:: TASK MATERIAL
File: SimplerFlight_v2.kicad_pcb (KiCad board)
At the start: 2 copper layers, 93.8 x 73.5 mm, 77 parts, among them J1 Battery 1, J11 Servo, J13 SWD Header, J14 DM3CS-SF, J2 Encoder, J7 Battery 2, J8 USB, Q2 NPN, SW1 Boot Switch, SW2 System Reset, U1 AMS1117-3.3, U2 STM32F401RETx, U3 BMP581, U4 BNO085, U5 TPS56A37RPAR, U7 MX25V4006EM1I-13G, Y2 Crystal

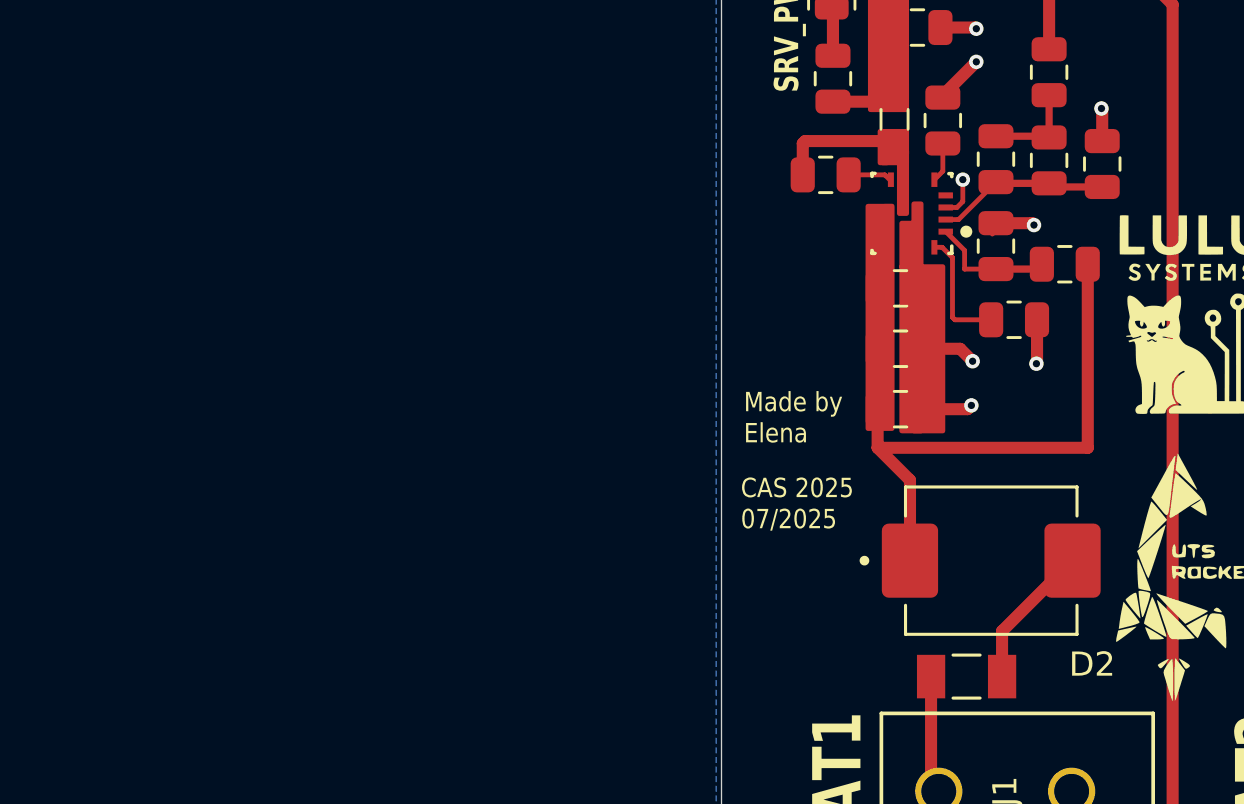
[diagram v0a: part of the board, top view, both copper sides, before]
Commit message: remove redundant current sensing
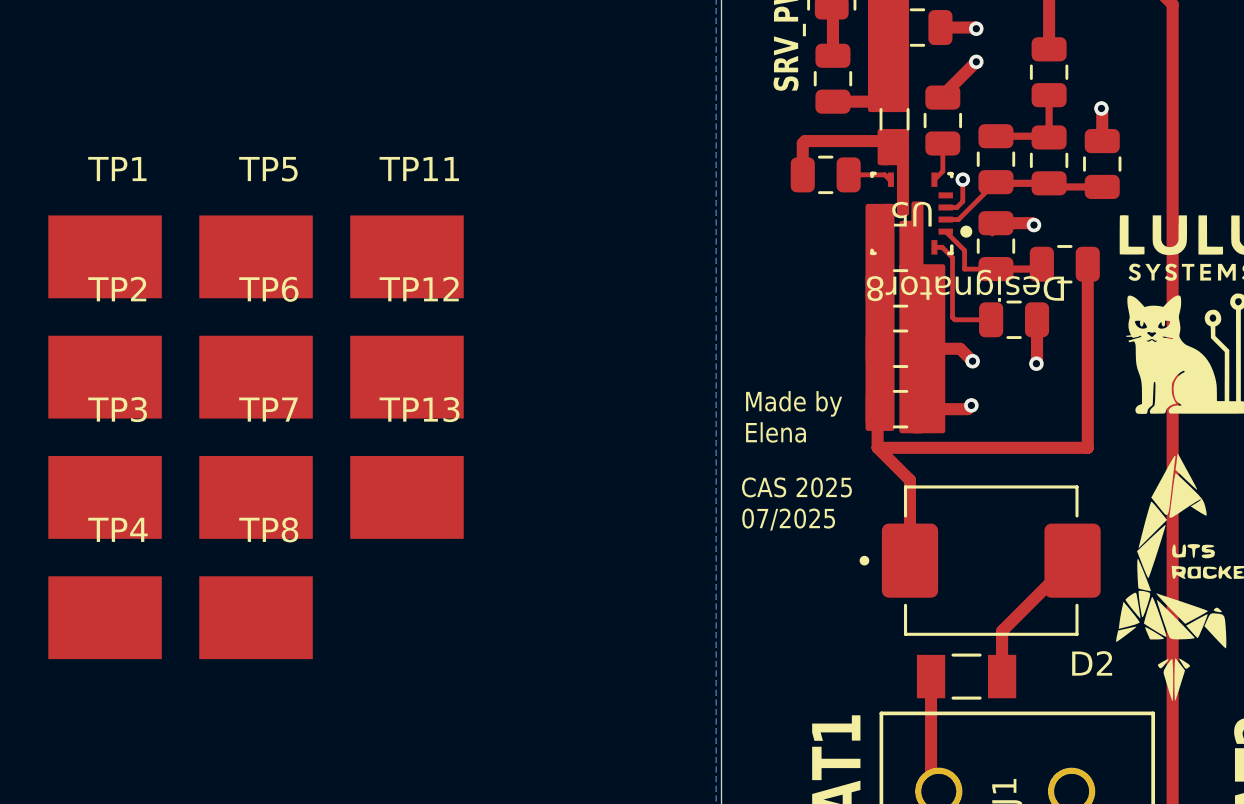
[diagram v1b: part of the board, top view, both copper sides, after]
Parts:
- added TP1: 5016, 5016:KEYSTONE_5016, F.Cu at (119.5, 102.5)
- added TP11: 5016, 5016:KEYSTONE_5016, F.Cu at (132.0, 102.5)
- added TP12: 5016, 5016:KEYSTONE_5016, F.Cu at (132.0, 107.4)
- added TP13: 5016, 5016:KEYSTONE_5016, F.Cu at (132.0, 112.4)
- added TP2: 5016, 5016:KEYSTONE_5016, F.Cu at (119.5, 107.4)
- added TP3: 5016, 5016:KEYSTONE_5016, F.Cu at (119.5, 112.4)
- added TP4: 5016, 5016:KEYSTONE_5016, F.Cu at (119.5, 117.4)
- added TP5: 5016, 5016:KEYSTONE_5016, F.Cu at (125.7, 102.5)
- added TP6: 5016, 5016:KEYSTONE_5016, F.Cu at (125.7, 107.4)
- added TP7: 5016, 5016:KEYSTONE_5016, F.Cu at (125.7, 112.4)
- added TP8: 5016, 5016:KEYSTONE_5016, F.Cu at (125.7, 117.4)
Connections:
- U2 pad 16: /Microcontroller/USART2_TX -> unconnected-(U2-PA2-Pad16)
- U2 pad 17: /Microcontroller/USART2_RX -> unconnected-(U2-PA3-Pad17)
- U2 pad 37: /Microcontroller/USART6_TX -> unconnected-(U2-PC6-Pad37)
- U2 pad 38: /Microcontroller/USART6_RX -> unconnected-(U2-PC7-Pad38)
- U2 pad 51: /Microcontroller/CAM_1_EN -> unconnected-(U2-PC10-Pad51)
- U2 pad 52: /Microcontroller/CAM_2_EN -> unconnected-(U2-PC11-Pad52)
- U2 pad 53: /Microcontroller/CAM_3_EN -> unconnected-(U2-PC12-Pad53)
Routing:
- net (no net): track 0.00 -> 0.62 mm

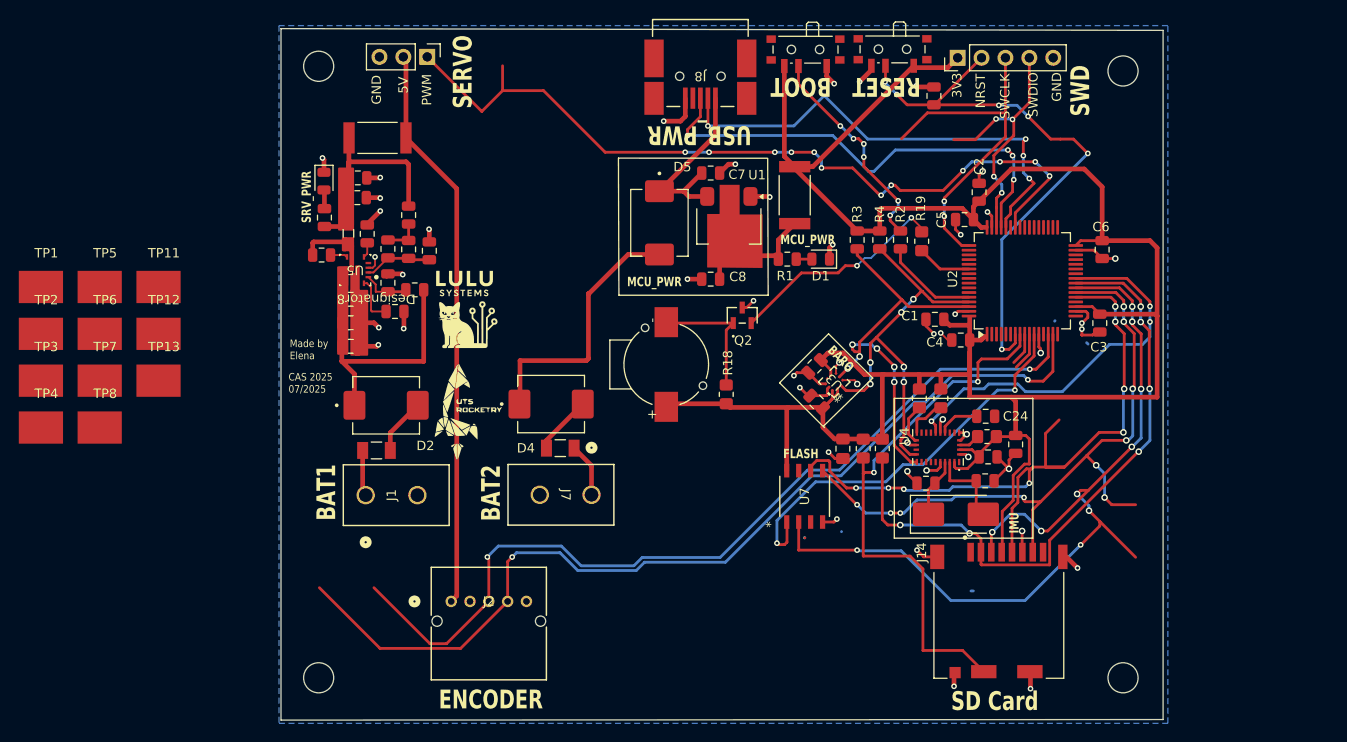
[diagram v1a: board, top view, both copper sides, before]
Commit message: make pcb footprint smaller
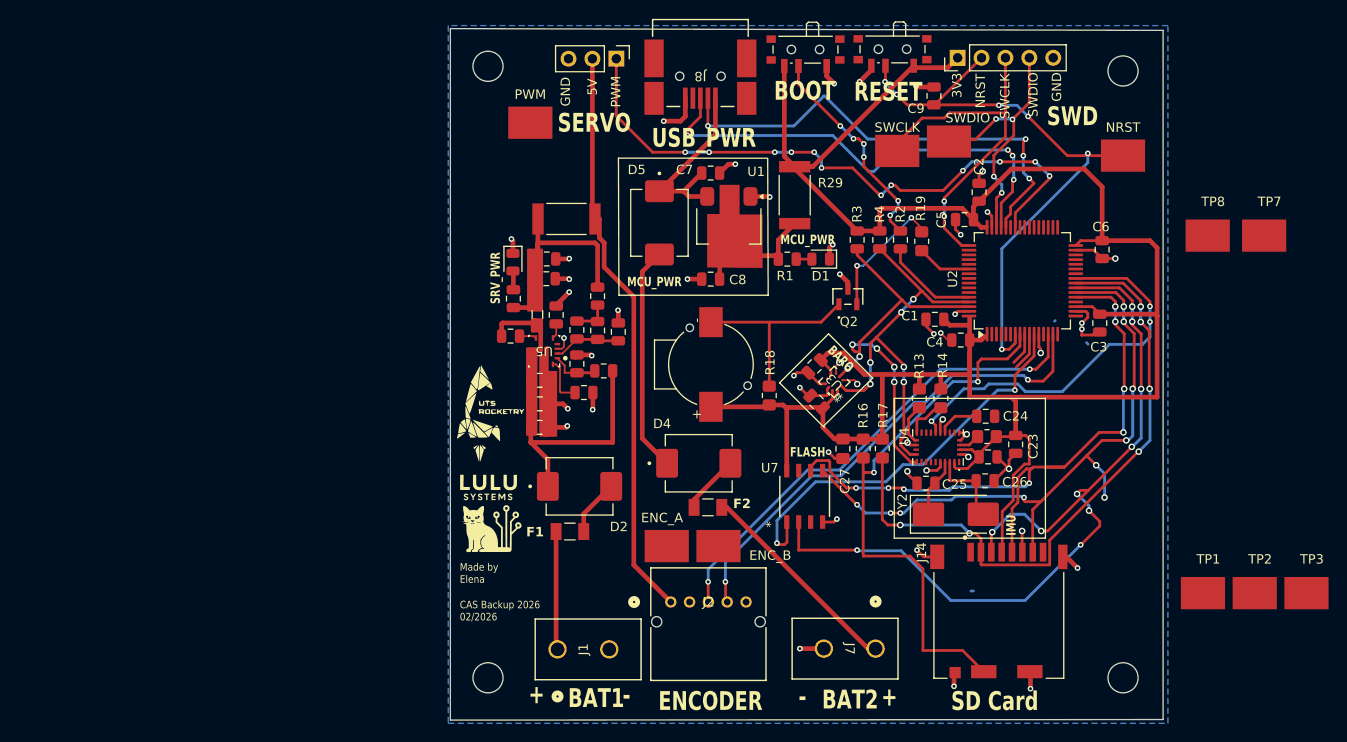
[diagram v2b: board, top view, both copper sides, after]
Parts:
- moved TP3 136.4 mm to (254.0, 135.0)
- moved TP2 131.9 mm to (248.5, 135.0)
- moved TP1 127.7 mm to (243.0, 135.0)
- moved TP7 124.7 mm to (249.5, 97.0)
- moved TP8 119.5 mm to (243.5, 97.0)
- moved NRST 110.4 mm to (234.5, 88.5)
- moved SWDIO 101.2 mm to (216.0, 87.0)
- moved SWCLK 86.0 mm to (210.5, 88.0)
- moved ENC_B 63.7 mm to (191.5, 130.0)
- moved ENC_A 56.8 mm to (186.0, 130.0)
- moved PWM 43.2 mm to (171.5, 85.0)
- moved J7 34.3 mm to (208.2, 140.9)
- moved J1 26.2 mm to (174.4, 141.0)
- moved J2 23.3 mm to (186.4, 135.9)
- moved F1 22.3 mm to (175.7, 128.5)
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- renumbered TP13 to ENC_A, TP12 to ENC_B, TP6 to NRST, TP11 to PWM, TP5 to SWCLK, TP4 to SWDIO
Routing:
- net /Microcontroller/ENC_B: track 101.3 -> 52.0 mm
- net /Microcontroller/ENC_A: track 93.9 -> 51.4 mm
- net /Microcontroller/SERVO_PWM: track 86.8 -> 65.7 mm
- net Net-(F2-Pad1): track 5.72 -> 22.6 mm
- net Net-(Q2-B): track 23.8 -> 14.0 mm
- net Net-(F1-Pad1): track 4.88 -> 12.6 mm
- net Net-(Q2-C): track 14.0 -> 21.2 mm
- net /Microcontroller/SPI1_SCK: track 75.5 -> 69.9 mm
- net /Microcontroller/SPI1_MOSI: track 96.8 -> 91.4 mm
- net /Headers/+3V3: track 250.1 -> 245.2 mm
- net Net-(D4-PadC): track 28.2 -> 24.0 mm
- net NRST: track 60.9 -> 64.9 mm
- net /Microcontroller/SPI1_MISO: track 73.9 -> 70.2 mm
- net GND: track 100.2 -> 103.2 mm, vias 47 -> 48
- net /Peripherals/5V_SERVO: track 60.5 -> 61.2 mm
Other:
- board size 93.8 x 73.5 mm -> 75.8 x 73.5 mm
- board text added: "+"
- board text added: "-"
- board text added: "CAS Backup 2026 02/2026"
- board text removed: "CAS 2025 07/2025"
::::
EXERCISE DIRECTIONS:
Across the entries above, how many lines include the word "message"? Give only the number.

ANSWER TO THIS EXERCISE:
2